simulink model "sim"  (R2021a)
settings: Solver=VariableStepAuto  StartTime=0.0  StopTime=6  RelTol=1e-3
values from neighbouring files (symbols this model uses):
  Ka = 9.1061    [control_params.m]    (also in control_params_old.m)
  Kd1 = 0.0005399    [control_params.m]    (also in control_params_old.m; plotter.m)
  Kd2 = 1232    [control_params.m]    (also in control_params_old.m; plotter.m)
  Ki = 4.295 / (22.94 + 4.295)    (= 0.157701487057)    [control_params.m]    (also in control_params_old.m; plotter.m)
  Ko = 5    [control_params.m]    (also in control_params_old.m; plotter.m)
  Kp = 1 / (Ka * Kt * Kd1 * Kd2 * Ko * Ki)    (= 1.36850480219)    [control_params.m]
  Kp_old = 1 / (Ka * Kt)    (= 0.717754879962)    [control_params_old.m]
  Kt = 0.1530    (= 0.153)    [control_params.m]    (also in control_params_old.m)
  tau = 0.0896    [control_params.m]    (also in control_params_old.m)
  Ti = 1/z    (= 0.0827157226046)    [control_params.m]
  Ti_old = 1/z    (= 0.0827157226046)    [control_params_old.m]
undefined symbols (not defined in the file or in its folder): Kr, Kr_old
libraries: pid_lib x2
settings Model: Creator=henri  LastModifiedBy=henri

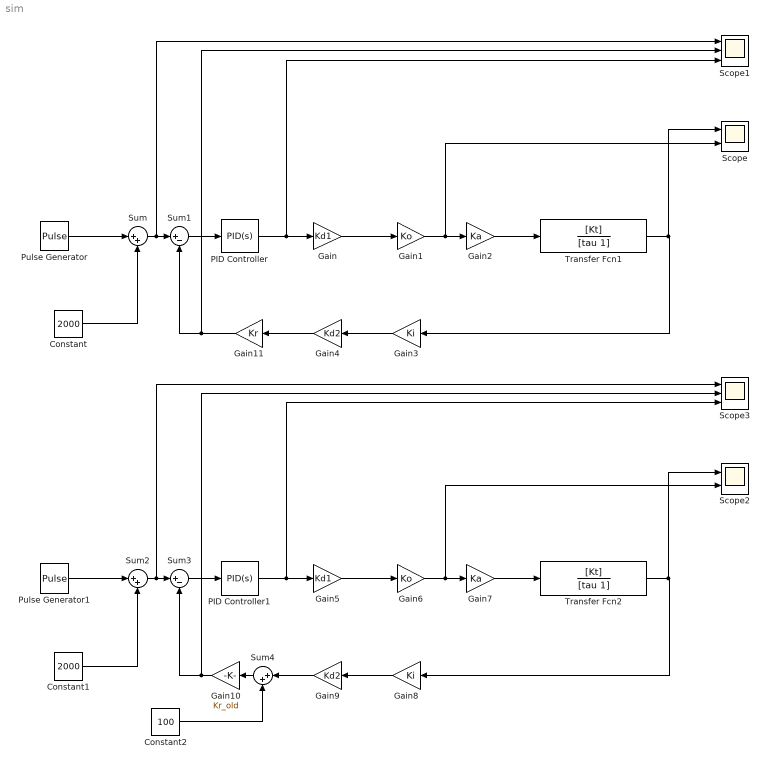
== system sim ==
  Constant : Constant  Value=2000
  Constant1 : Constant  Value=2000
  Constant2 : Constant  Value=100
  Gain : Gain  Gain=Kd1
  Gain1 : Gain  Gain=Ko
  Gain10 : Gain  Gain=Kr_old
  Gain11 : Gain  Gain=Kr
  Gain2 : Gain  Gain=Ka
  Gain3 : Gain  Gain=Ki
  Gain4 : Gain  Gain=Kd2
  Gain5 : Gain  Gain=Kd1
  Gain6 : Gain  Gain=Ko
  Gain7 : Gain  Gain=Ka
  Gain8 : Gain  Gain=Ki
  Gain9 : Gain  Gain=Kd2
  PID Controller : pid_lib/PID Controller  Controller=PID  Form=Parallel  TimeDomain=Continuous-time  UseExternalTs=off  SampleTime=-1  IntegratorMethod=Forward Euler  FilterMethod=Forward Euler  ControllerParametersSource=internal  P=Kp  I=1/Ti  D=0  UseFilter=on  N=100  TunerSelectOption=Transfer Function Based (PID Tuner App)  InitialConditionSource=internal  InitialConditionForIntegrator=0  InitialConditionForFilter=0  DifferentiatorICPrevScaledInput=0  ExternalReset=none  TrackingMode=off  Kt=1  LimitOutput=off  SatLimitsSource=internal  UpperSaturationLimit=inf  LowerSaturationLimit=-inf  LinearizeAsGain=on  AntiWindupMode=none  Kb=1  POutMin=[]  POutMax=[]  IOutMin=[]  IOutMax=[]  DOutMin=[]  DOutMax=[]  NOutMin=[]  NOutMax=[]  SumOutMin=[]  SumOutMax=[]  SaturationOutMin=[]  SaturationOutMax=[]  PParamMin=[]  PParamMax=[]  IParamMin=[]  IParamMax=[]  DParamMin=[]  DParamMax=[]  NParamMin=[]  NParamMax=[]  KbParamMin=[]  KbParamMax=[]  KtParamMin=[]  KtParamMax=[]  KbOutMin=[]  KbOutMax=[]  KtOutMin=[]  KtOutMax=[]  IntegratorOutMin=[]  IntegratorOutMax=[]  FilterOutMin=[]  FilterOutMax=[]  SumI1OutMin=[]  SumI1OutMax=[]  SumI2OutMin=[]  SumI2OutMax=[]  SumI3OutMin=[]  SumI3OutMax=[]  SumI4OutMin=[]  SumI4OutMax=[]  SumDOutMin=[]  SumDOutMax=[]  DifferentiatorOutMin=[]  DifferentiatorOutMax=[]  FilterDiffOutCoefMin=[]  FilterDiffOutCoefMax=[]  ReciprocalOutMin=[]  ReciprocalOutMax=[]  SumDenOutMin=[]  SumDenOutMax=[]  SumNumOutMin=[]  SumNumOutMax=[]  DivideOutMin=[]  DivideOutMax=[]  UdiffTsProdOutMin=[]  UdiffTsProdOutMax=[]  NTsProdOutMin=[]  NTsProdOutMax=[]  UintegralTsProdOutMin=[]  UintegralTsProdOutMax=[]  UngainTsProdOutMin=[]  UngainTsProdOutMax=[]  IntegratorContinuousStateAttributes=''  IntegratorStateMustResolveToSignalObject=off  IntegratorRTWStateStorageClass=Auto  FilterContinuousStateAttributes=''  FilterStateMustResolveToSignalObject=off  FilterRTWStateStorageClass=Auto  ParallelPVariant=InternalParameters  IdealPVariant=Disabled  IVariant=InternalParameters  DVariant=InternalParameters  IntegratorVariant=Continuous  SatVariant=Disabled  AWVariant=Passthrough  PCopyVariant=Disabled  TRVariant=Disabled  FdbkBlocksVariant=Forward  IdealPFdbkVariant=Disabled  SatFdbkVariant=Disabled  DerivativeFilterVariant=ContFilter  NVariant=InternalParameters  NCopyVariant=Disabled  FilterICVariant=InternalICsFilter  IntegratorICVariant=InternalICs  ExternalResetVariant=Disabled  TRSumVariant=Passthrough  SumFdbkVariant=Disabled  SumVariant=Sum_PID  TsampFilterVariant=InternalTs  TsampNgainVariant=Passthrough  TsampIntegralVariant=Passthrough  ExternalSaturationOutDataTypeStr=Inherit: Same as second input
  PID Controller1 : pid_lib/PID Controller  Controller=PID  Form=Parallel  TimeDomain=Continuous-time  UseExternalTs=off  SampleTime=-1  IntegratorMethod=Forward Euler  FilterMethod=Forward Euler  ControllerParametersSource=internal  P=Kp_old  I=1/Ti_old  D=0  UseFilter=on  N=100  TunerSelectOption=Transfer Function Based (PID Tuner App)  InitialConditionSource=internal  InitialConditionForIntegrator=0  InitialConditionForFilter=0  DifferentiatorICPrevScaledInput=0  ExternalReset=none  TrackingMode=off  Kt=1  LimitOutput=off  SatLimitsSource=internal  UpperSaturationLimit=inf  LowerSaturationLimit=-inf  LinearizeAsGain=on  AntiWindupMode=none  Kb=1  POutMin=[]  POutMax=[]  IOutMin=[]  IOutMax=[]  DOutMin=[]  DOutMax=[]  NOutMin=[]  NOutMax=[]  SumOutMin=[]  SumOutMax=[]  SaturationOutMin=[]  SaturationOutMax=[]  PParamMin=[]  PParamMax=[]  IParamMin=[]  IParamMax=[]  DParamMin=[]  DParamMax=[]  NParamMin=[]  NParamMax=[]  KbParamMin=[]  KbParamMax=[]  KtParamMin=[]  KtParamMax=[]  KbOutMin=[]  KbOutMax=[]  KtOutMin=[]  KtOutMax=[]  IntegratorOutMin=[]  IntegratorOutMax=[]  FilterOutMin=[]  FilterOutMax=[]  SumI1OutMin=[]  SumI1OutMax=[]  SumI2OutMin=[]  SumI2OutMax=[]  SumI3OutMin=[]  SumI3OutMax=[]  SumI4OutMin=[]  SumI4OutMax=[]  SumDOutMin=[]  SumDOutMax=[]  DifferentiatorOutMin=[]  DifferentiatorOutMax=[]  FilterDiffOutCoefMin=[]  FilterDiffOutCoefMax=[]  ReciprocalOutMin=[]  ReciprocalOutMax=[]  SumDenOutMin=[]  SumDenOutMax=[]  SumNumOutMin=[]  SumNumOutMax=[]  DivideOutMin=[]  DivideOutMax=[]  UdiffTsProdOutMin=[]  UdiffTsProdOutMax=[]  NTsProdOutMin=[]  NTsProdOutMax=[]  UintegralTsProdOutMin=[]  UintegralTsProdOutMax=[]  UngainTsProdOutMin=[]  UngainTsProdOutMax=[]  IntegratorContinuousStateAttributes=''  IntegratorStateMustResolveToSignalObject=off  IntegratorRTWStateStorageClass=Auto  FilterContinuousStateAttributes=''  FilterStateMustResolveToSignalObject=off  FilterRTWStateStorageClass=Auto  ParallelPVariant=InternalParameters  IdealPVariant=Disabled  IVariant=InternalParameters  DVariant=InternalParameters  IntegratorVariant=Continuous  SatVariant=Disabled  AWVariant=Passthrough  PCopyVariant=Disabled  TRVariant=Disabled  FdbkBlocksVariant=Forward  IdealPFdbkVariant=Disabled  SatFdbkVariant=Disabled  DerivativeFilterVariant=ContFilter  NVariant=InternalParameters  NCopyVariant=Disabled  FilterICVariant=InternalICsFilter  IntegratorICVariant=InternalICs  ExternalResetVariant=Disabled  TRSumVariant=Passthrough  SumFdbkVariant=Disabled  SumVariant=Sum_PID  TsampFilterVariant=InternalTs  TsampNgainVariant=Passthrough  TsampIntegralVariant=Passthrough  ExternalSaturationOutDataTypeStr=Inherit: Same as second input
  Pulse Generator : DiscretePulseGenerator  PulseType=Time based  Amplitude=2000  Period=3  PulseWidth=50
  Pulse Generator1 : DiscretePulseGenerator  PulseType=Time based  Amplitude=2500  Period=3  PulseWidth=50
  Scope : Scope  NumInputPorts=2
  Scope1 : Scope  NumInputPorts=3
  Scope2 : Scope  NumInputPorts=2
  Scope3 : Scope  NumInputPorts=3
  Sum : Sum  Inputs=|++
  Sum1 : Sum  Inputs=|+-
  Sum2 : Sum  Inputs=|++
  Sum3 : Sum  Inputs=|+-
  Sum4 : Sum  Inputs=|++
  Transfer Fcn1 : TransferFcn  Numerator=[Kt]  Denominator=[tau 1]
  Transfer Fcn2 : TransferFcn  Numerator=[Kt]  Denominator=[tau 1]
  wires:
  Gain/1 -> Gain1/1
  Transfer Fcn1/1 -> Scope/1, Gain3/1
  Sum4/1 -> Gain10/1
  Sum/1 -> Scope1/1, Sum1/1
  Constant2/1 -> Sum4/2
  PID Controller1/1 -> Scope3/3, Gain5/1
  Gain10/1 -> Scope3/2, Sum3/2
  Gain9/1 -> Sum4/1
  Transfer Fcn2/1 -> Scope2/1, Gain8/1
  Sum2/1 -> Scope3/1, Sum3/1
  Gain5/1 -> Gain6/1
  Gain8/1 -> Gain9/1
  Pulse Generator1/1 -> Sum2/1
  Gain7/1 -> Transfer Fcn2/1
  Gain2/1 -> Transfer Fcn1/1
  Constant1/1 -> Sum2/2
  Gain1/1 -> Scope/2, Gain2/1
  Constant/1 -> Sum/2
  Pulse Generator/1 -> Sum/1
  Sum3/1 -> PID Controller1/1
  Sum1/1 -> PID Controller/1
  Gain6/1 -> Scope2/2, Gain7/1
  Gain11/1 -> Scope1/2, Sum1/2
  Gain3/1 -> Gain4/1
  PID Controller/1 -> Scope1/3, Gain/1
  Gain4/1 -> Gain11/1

Your instructions:
An exact copy is needed. It runs from the line above containing "tau = 0.0896" down to the line containing "Gain8 : Gain", both included, with no pictures.

Response below:
  tau = 0.0896    [control_params.m]    (also in control_params_old.m)
  Ti = 1/z    (= 0.0827157226046)    [control_params.m]
  Ti_old = 1/z    (= 0.0827157226046)    [control_params_old.m]
undefined symbols (not defined in the file or in its folder): Kr, Kr_old
libraries: pid_lib x2
settings Model: Creator=henri  LastModifiedBy=henri

== system sim ==
  Constant : Constant  Value=2000
  Constant1 : Constant  Value=2000
  Constant2 : Constant  Value=100
  Gain : Gain  Gain=Kd1
  Gain1 : Gain  Gain=Ko
  Gain10 : Gain  Gain=Kr_old
  Gain11 : Gain  Gain=Kr
  Gain2 : Gain  Gain=Ka
  Gain3 : Gain  Gain=Ki
  Gain4 : Gain  Gain=Kd2
  Gain5 : Gain  Gain=Kd1
  Gain6 : Gain  Gain=Ko
  Gain7 : Gain  Gain=Ka
  Gain8 : Gain  Gain=Ki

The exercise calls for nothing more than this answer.